An exception would be a charge in a foreign currency, including Canadian dollars (as in the case of Via Rail). This would get you a currency exchange surcharge (3%?). Almost all credit cards now do this, I'm sorry to say.


----------



## amtrakwolverine (Oct 25, 2008)

Ispolkom said:


> An exception would be a charge in a foreign currency, including Canadian dollars (as in the case of Via Rail). This would get you a currency exchange surcharge (3%?). Almost all credit cards now do this, I'm sorry to say.


so does my bank for my debit card. ok for the mastercard is there any fees for having it even if for some reason i don't use it.


----------



## the_traveler (Oct 25, 2008)

If you mean "Is there an annual fee (even if you don't use it)?" - the answer is *NO*! 

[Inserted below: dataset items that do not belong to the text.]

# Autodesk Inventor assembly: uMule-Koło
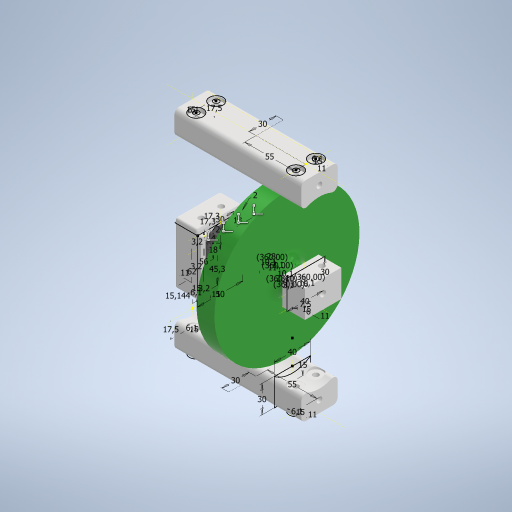
[picture p0: Inventor's stored thumbnail of the model, 512x512]
Saved by Autodesk Inventor 2024.3 (Build 283343000, 343)
## iProperties
Created: 2024-10-21
Part Number: uMule-Koło
Document SubType Name: Assembly
Designer: owozn
Author: owozn
## Documents named in this file (6)
- C:\Users\owozn\Documents\Nauka\Studia\mgr\Semestr_3\Magisterka\temp\uMule\mechanics\uMule-Koło.iam
- C:\Users\owozn\Documents\Nauka\Studia\mgr\Semestr_3\Magisterka\temp\uMule\mechanics\uMule-kolo_napędowe.ipt
- C:\Users\owozn\Documents\Nauka\Studia\mgr\Semestr_3\Magisterka\temp\uMule\mechanics\rx64H\rx64H.ipt
- C:\Users\owozn\Documents\Nauka\Studia\mgr\Semestr_3\Magisterka\temp\uMule\mechanics\uMule-Uchwyt_koła.ipt
- C:\Users\owozn\Documents\Nauka\Studia\mgr\Semestr_3\Magisterka\temp\uMule\mechanics\uMule-ogranicznik_koła.ipt
- C:\Users\owozn\Documents\Nauka\Studia\mgr\Semestr_3\Magisterka\temp\uMule\mechanics\uMule-uchwyt_dx_góra.ipt
## Components (7 placed, 5 different names)
1. uMule-kolo_napędowe:1 — Mate:1, Mate:2, Mate:3, Mate:4, Mate:7
2. uMule-kolo_napędowe:2 — Mate:1, Mate:2, Mate:3, Mate:5
3. rx64H:1 — Mate:4, Mate:5, Flush:2, Mate:15, Mate:16
4. uMule-Uchwyt_koła:1 — Mate:7, Mate:10, Flush:3, Flush:4
5. uMule-ogranicznik_koła:1 — Mate:10, Mate:11, Mate:12, Flush:4, Flush:6
6. uMule-ogranicznik_koła:2 — Mate:11, Mate:12, Flush:3, Flush:5, Flush:6
7. uMule-uchwyt_dx_góra:1 — Flush:2, Mate:15, Mate:16, Flush:5
## Relationships (16: Mate 11, Flush 5)
- Mate:1: uMule-kolo_napędowe:1 ↔ uMule-kolo_napędowe:2
- Mate:2: uMule-kolo_napędowe:1 ↔ uMule-kolo_napędowe:2
- Mate:3: uMule-kolo_napędowe:1 ↔ uMule-kolo_napędowe:2
- Mate:4: uMule-kolo_napędowe:1 ↔ rx64H:1
- Mate:5: uMule-kolo_napędowe:2 ↔ rx64H:1
- Mate:7 (4 mm): uMule-kolo_napędowe:1 ↔ uMule-Uchwyt_koła:1
- Mate:10: uMule-Uchwyt_koła:1 ↔ uMule-ogranicznik_koła:1
- Mate:11: uMule-ogranicznik_koła:1 ↔ uMule-ogranicznik_koła:2
- Mate:12: uMule-ogranicznik_koła:1 ↔ uMule-ogranicznik_koła:2
- Flush:2: rx64H:1 ↔ uMule-uchwyt_dx_góra:1
- Mate:15: rx64H:1 ↔ uMule-uchwyt_dx_góra:1
- Mate:16: rx64H:1 ↔ uMule-uchwyt_dx_góra:1
- Flush:3 (100 mm): uMule-Uchwyt_koła:1 ↔ uMule-ogranicznik_koła:2
- Flush:4 (100 mm): uMule-Uchwyt_koła:1 ↔ uMule-ogranicznik_koła:1
- Flush:5 (5 mm): uMule-ogranicznik_koła:2 ↔ uMule-uchwyt_dx_góra:1
- Flush:6: uMule-ogranicznik_koła:1 ↔ uMule-ogranicznik_koła:2
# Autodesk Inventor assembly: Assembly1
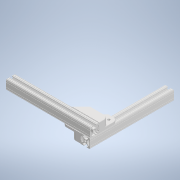
[picture p0: Inventor's stored thumbnail of the model, 180x180]
Saved by Autodesk Inventor 2020 (Build 240168000, 168)
## iProperties
Created: 2020-01-08
Part Number: Assembly1
Document SubType Name: Assembly
Designer: srini
Author: srini
## Documents named in this file (3)
- C:\Users\srini\Documents\FRC\2020\Assembly1.iam
- C:\Users\srini\Documents\FRC\2020\1003-9-CL.ipt
- C:\Users\srini\Documents\FRC\2020\90DegJoiner.ipt
## Components (3 placed, 2 different names)
1. 1003-9-CL:1 — Flush:2, Flush:4, Flush:5, Mate:1
2. 1003-9-CL:2 — Flush:2, Flush:3, Flush:5, Mate:1
3. 90DegJoiner:1 — Flush:3, Flush:4
## Relationships (5: Flush 4, Mate 1)
- Flush:2: 1003-9-CL:1 ↔ 1003-9-CL:2
- Flush:3: 1003-9-CL:2 ↔ 90DegJoiner:1
- Flush:4: 1003-9-CL:1 ↔ 90DegJoiner:1
- Flush:5: 1003-9-CL:1 ↔ 1003-9-CL:2
- Mate:1: 1003-9-CL:1 ↔ 1003-9-CL:2
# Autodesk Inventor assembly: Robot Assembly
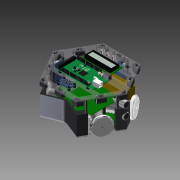
[picture p0: Inventor's stored thumbnail of the model, 180x180]
Saved by Autodesk Inventor 2015 (Build 190159000, 159)
## iProperties
Created: 2015-11-27
Part Number: Robot Assembly
Document SubType Name: Assembly
Designer: James
Mass: 1111.66 g
Surface Area: 2798.79 cm^2
Volume: 468.325 cm^3
Density: 2.3737 g/cm^3
Author: James
## Documents named in this file (26)
- C:\Users\James\Dropbox\Robotics 2016\Design\3D Printing\Version 2\Robot Assembly.iam
- C:\Users\James\Dropbox\Robotics 2016\Design\3D Printing\Version 2\Bottom Plate.ipt
- C:\Users\James\Dropbox\Robotics 2016\Design\3D Printing\Version 2\Support.ipt
- C:\Users\James\Dropbox\Robotics 2016\Design\3D Printing\Version 2\Front Support.ipt
- C:\Users\James\Dropbox\Robotics 2016\Design\3D Printing\Motor Mount Standoff.ipt
- C:\Users\James\Dropbox\Robotics 2016\Design\3D Printing\Motor Mount Bracket.ipt
- C:\Users\James\Dropbox\Robotics 2016\Design\3D Printing\Motor.ipt
- C:\Users\James\Dropbox\Robotics 2016\Design\3D Printing\Wheel.ipt
- C:\Users\James\Dropbox\Robotics 2016\Design\3D Printing\Spacer 5.ipt
- C:\Users\James\Dropbox\Robotics 2016\Design\3D Printing\Version 2\Bottom Plate Veroboard.ipt
- C:\Users\James\Dropbox\Robotics 2016\Design\3D Printing\Spacer 25.ipt
- C:\Users\James\Dropbox\Robotics 2016\Design\3D Printing\Version 2\Middle Plate Veroboard.ipt
- C:\Users\James\Dropbox\Robotics 2016\Design\3D Printing\M3 hex nut.ipt
- C:\Users\James\Dropbox\Robotics 2016\Design\3D Printing\Version 2\Top Plate.ipt
- C:\Users\James\Dropbox\Robotics 2016\Design\3D Printing\Version 2\TSOP Holder Straight.ipt
- C:\Users\James\Dropbox\Robotics 2016\Design\3D Printing\Version 2\TSOP Holder Corner.ipt
- C:\Users\James\Dropbox\Robotics 2016\Design\3D Printing\M3 6mm screw.ipt
- C:\Users\James\Dropbox\Robotics 2016\Design\3D Printing\ArduinoMEGA2560.ipt
- C:\Users\James\Dropbox\Robotics 2016\Design\3D Printing\lcd05-16x2.ipt
- C:\Users\James\Dropbox\Robotics 2016\Design\3D Printing\Adafruit Compass.ipt
- C:\Users\James\Dropbox\Robotics 2016\Design\3D Printing\LED Holder Nut.ipt
- C:\Users\James\Dropbox\Robotics 2016\Design\3D Printing\LED Holder.ipt
- C:\Users\James\Dropbox\Robotics 2016\Design\3D Printing\HC-SR04 Sonar.ipt
- C:\Users\James\Dropbox\Robotics 2016\Design\3D Printing\Back Support.ipt
- C:\Users\James\Dropbox\Robotics 2016\Design\3D Printing\M3 Metal Screw.ipt
- C:\Users\James\Dropbox\Robotics 2016\Design\3D Printing\Battery.ipt
## Components (163 placed, 25 different names)
1. Bottom Plate:1 — Mate:7, Mate:8, Mate:9, Mate:10, Mate:11, Mate:12, Mate:13, Mate:14, Mate:15, Mate:16, Mate:17, Mate:18, Mate:19, Mate:20, Mate:21, Mate:22, Mate:23, Mate:24, Mate:25, Mate:26, Mate:27, Mate:56, Mate:57, Mate:58, Mate:59, Mate:60, Mate:61, Mate:62, Mate:63, Mate:64, Mate:65, Mate:66, Mate:67, Mate:68, Mate:69, Mate:70, Mate:71, Mate:72, Mate:73, Mate:74, Mate:75, Mate:76, Mate:77, Mate:78, Mate:79, Mate:161, Mate:200, Mate:202, Mate:203, Mate:204, Mate:205, Mate:206, Mate:207, Mate:208, Mate:209, Mate:210, Mate:211, Mate:212, Mate:213, Mate:214, Mate:215, Mate:216, Mate:217, Mate:218, Mate:219, Mate:220, Mate:221, Mate:222, Mate:223, Mate:357, Mate:358, Mate:359, Mate:363, Mate:364, Mate:365, Mate:366, Mate:367, Mate:368, Mate:369, Mate:370, Mate:371, Mate:372, Mate:373, Mate:374, Mate:375, Mate:376, Mate:377, Mate:378, Mate:379, Mate:380, Mate:381, Mate:382, Mate:383, Mate:384, Mate:385, Mate:386, Mate:455
2. Support:1 — Mate:10, Mate:14, Mate:15, Mate:353, Mate:354, Mate:356
3. Support:2 — Mate:11, Mate:12, Mate:13, Mate:350, Mate:351, Mate:355
4. Front Support:1 — Mate:7, Mate:8, Mate:9, Mate:224, Mate:225, Mate:226
5. Motor Mount Standoff:1 — Mate:17, Mate:20, Mate:21, Mate:34, Mate:38, Mate:39
6. Motor Mount Standoff:2 — Mate:16, Mate:22, Mate:23, Mate:28, Mate:29, Mate:30
7. Motor Mount Standoff:3 — Mate:18, Mate:26, Mate:27, Mate:35, Mate:36, Mate:37
8. Motor Mount Standoff:4 — Mate:19, Mate:24, Mate:25, Mate:31, Mate:32, Mate:33
9. Motor Mount Bracket:1 — Mate:28, Mate:29, Mate:30, Mate:40, Mate:41, Mate:42
10. Motor Mount Bracket:2 — Mate:34, Mate:38, Mate:39, Mate:46, Mate:47, Mate:48
11. Motor Mount Bracket:3 — Mate:35, Mate:36, Mate:37, Mate:49, Mate:50, Mate:51
12. Motor Mount Bracket:4 — Mate:31, Mate:32, Mate:33, Mate:43, Mate:44, Mate:45
13. Motor:1 — Mate:40, Mate:41, Mate:42, Flush:4, Mate:55
14. Motor:2 — Mate:43, Mate:44, Mate:45, Flush:1, Mate:52
15. Motor:3 — Mate:46, Mate:47, Mate:48, Flush:3, Mate:54
16. Motor:4 — Mate:49, Mate:50, Mate:51, Flush:2, Mate:53
17. Wheel:1 — Flush:2, Mate:53
18. Wheel:2 — Flush:4, Mate:55
19. Wheel:3 — Flush:1, Mate:52
20. Wheel:4 — Flush:3, Mate:54
21. Spacer 5:1 — Mate:57, Mate:73, Mate:107
22. Spacer 5:2 — Mate:63, Mate:78, Mate:119
23. Spacer 5:3 — Mate:62, Mate:70, Mate:115
24. Spacer 5:4 — Mate:61, Mate:74, Mate:108
25. Spacer 5:5 — Mate:56, Mate:68, Mate:81, Mate:112
26. Spacer 5:6 — Mate:64, Mate:77, Mate:85
27. Spacer 5:7 — Mate:65, Mate:71, Mate:113
28. Spacer 5:8 — Mate:66, Mate:76, Mate:90
29. Spacer 5:9 — Mate:67, Mate:75, Mate:89
30. Spacer 5:10 — Mate:60, Mate:79, Mate:117
31. Spacer 5:11 — Mate:59, Mate:69, Mate:80, Mate:82, Mate:111
32. Spacer 5:12 — Mate:58, Mate:72, Mate:86
33. Bottom Plate Veroboard:1 — Mate:80, Mate:81, Mate:82, Mate:83, Mate:84, Mate:87, Mate:88, Mate:105, Mate:106, Mate:109, Mate:110, Mate:114, Mate:116, Mate:118, Mate:120
34. Spacer 25:1 — Mate:83, Mate:85, Mate:92, Mate:103
35. Spacer 25:2 — Mate:84, Mate:86, Mate:93, Mate:102
36. Spacer 25:3 — Mate:87, Mate:90, Mate:101
37. Spacer 25:4 — Mate:88, Mate:89, Mate:91, Mate:104
38. Middle Plate Veroboard:1 — Mate:91, Mate:92, Mate:93, Mate:94, Mate:95, Mate:96, Mate:100
39. M3 hex nut:1 — Mate:95, Mate:102
40. M3 hex nut:2 — Mate:96, Mate:101
41. M3 hex nut:3 — Mate:106, Mate:107
42. M3 hex nut:4 — Mate:94, Mate:104
43. M3 hex nut:5 — Mate:105, Mate:108
44. M3 hex nut:6 — Mate:100, Mate:103
45. M3 hex nut:11 — Mate:109, Mate:111
46. M3 hex nut:12 — Mate:113, Mate:114
47. M3 hex nut:13 — Mate:110, Mate:112
48. M3 hex nut:14 — Mate:117, Mate:118
49. M3 hex nut:15 — Mate:115, Mate:116
50. M3 hex nut:16 — Mate:119, Mate:120
51. TSOP Holder Straight:1 — Mate:233, Mate:234, Mate:235
52. TSOP Holder Straight:2 — Mate:227, Mate:228, Mate:229
53. TSOP Holder Straight:3 — Mate:239, Mate:240, Mate:241
54. TSOP Holder Straight:4 — Mate:257, Mate:258, Mate:259
55. TSOP Holder Straight:5 — Mate:245, Mate:246, Mate:247
56. TSOP Holder Straight:6 — Mate:251, Mate:252, Mate:253
57. TSOP Holder Corner:1 — Mate:254, Mate:255, Mate:256
58. TSOP Holder Corner:2 — Mate:242, Mate:243, Mate:244
59. TSOP Holder Corner:3 — Mate:236, Mate:237, Mate:238
60. TSOP Holder Corner:4 — Mate:248, Mate:249, Mate:250
61. TSOP Holder Corner:5 — Mate:230, Mate:231, Mate:232
62. TSOP Holder Corner:6 — Mate:260, Mate:261, Mate:262
63. M3 6mm screw:1 — Mate:209, Mate:217
64. M3 6mm screw:2 — Mate:211, Mate:219
65. M3 6mm screw:3 — Mate:213, Mate:221
66. M3 6mm screw:4 — Mate:203, Mate:207
67. M3 6mm screw:5 — Mate:210, Mate:216
68. M3 6mm screw:6 — Mate:212, Mate:220
69. M3 6mm screw:7 — Mate:161, Mate:206
70. M3 6mm screw:8 — Mate:214, Mate:222
71. M3 6mm screw:9 — Mate:215, Mate:223
72. M3 6mm screw:10 — Mate:208, Mate:218
73. M3 6mm screw:11 — Mate:200, Mate:204
74. M3 6mm screw:12 — Mate:202, Mate:205
75. -  -:1 — Mate:283, Mate:284, Mate:285, Mate:298, Mate:299, Mate:303, Mate:304, Mate:305, Mate:306, Mate:307, Mate:308, Mate:309, Mate:310, Mate:311, Mate:312
76. lcd05-16x2:1 — Mate:286, Mate:287, Mate:288
77. Adafruit Compass:1 — Mate:290, Mate:291, Mate:292, Mate:293, Mate:294, Mate:295, Mate:296, Mate:297, Mate:300, Mate:301, Mate:302
78. M3 6mm screw:13 — Mate:295, Mate:300
79. M3 6mm screw:14 — Mate:297, Mate:301
80. M3 6mm screw:15 — Mate:293, Mate:294
81. M3 6mm screw:16 — Mate:296, Mate:302
82. M3 6mm screw:17 — Mate:298, Mate:299
83. M3 6mm screw:18 — Mate:303, Mate:309
84. M3 6mm screw:19 — Mate:305, Mate:311
85. M3 6mm screw:20 — Mate:304, Mate:310
86. M3 6mm screw:21 — Mate:306, Mate:312
87. M3 6mm screw:22 — Mate:307, Mate:308
88. M3 hex nut:17 — Mate:347, Mate:348
89. M3 hex nut:18 — Mate:341, Mate:342
90. M3 hex nut:19 — Mate:331, Mate:332
91. M3 hex nut:20 — Mate:343, Mate:344
92. M3 hex nut:21 — Mate:345, Mate:346
93. M3 hex nut:22 — Mate:339, Mate:340
94. M3 hex nut:23 — Mate:335, Mate:336
95. M3 hex nut:24 — Mate:329, Mate:330
96. M3 hex nut:25 — Mate:333, Mate:334
97. M3 hex nut:26 — Mate:337, Mate:338
98. Spacer 5:13 — Mate:270, Mate:277, Mate:290, Mate:345
99. Spacer 5:14 — Mate:264, Mate:278, Mate:337
100. Spacer 5:15 — Mate:267, Mate:282, Mate:284, Mate:333
101. Spacer 5:16 — Mate:269, Mate:274, Mate:291, Mate:347
102. Spacer 5:17 — Mate:263, Mate:276, Mate:285, Mate:339
103. Spacer 5:18 — Mate:272, Mate:275, Mate:341
104. Spacer 5:19 — Mate:265, Mate:279, Mate:283, Mate:335
105. Spacer 5:20 — Mate:266, Mate:280, Mate:329
106. Spacer 5:21 — Mate:271, Mate:273, Mate:292, Mate:343
107. Spacer 5:22 — Mate:268, Mate:289, Mate:331
108. Top Plate:1 — Mate:224, Mate:225, Mate:226, Mate:227, Mate:228, Mate:229, Mate:230, Mate:231, Mate:232, Mate:233, Mate:234, Mate:235, Mate:236, Mate:237, Mate:238, Mate:239, Mate:240, Mate:241, Mate:242, Mate:243, Mate:244, Mate:245, Mate:246, Mate:247, Mate:248, Mate:249, Mate:250, Mate:251, Mate:252, Mate:253, Mate:254, Mate:255, Mate:256, Mate:257, Mate:258, Mate:259, Mate:260, Mate:261, Mate:262, Mate:263, Mate:264, Mate:265, Mate:266, Mate:267, Mate:268, Mate:269, Mate:270, Mate:271, Mate:272, Mate:273, Mate:274, Mate:275, Mate:276, Mate:277, Mate:278, Mate:279, Mate:280, Mate:282, Mate:286, Mate:287, Mate:288, Mate:289, Mate:313, Mate:314, Mate:315, Mate:317, Mate:318, Mate:320, Mate:321, Mate:322, Mate:324, Mate:330, Mate:332, Mate:334, Mate:336, Mate:338, Mate:340, Mate:342, Mate:344, Mate:346, Mate:348, Mate:387, Mate:388, Mate:389, Mate:390, Mate:391, Mate:392, Mate:393, Mate:394, Mate:395, Mate:396, Mate:397, Mate:398, Mate:399, Mate:400, Mate:401, Mate:402, Mate:403, Mate:404, Mate:405, Mate:407, Mate:408, Mate:409, Mate:410, Mate:411, Mate:412, Mate:413, Mate:415, Mate:416, Mate:417, Mate:418, Mate:419, Mate:420, Mate:421, Mate:422, Mate:423, Mate:424, Mate:425, Mate:426, Mate:427, Mate:428, Mate:429, Mate:430, Mate:431, Mate:432, Mate:433, Mate:434, Mate:435, Mate:436, Mate:437, Mate:438, Mate:439, Mate:440, Mate:441, Mate:442, Mate:443, Mate:444, Mate:445, Mate:446, Mate:447, Mate:448, Mate:449, Mate:450, Mate:451, Mate:452
109. LED Holder Nut:1 — Mate:323, Mate:324
110. LED Holder Nut:2 — Mate:319, Mate:320
111. LED Holder Nut:3 — Mate:315, Mate:316
112. LED Holder:1 — Mate:313, Mate:314, Mate:316
113. LED Holder:2 — Mate:317, Mate:318, Mate:319
114. LED Holder:3 — Mate:321, Mate:322, Mate:323
115. HC-SR04 Sonar:1 — Mate:350, Mate:351, Mate:355
116. HC-SR04 Sonar:2 — Mate:353, Mate:354, Mate:356
117. Back Support:1 — Mate:357, Mate:358, Mate:359, Mate:360, Mate:361, Mate:362, Mate:453, Mate:454, Flush:5
118. HC-SR04 Sonar:3 — Mate:360, Mate:361, Mate:362
119. M3 Metal Screw:1 — Mate:369, Mate:384
120. M3 Metal Screw:2 — Mate:368, Mate:383
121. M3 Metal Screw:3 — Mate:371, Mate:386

The AGR MasterCard is just like any other MasterCard issued. You can use it wherever you see that MC is accepted, and (if you chose) can pay the balance in installments.


----------



## amtrakwolverine (Oct 25, 2008)

the_traveler said:


> If you mean "Is there an annual fee (even if you don't use it)?" - the answer is *NO*!
> The AGR MasterCard is just like any other MasterCard issued. You can use it wherever you see that MC is accepted, and (if you chose) can pay the balance in installments.


cool. now the apr is that applied to the bill when i use the card. lets say amtrak is $800 and i get the bill is that going to be 800 or they going to add interest. if i payed it in full would it stay $800. im new to credit cards so forgive the questions.


----------



## the_traveler (Oct 25, 2008)

KISS_ALIVE said:


> the_traveler said:
> 
> 
> > If you mean "Is there an annual fee (even if you don't use it)?" - the answer is *NO*!
> ...


The APR is only applied *IF AND WHEN* you do not pay the full balance on the statement by the due date. If the statement balance is $800, and you pay $800 by the due date, the APR (and any interest) is *0%*! 

The thing with credit cards is to try and pay the balance in full each month. Then you don't have to worry about interest or the APR rate. I'm not saying I'm better than most people, but I've had numerous credit cards for the past 20 years, and I think there were only 2 or 3 times I didn't pay the full balance. (But then I paid it all, and all the next balance, the following month.) If I can't afford to pay cash, I don't charge it!



> im new to credit cards so forgive the questions.


The only dumb question is the one not asked!


----------



## amtrakwolverine (Oct 26, 2008)

thanks. first i got to sign up for AGR system. should i wait untill im ready to book so i get the extra points (500) or sign up and apply for the card and get 2500 for amtrak sense the other 2500 goes to chase.also i don't see a option for discounted travail(yeah yeah wikipedia)


----------



## AlanB (Oct 26, 2008)

KISS_ALIVE said:


> thanks. first i got to sign up for AGR system. should i wait untill im ready to book so i get the extra points (500) or sign up and apply for the card and get 2500 for amtrak sense the other 2500 goes to chase.also i don't see a option for discounted travail(yeah yeah wikipedia)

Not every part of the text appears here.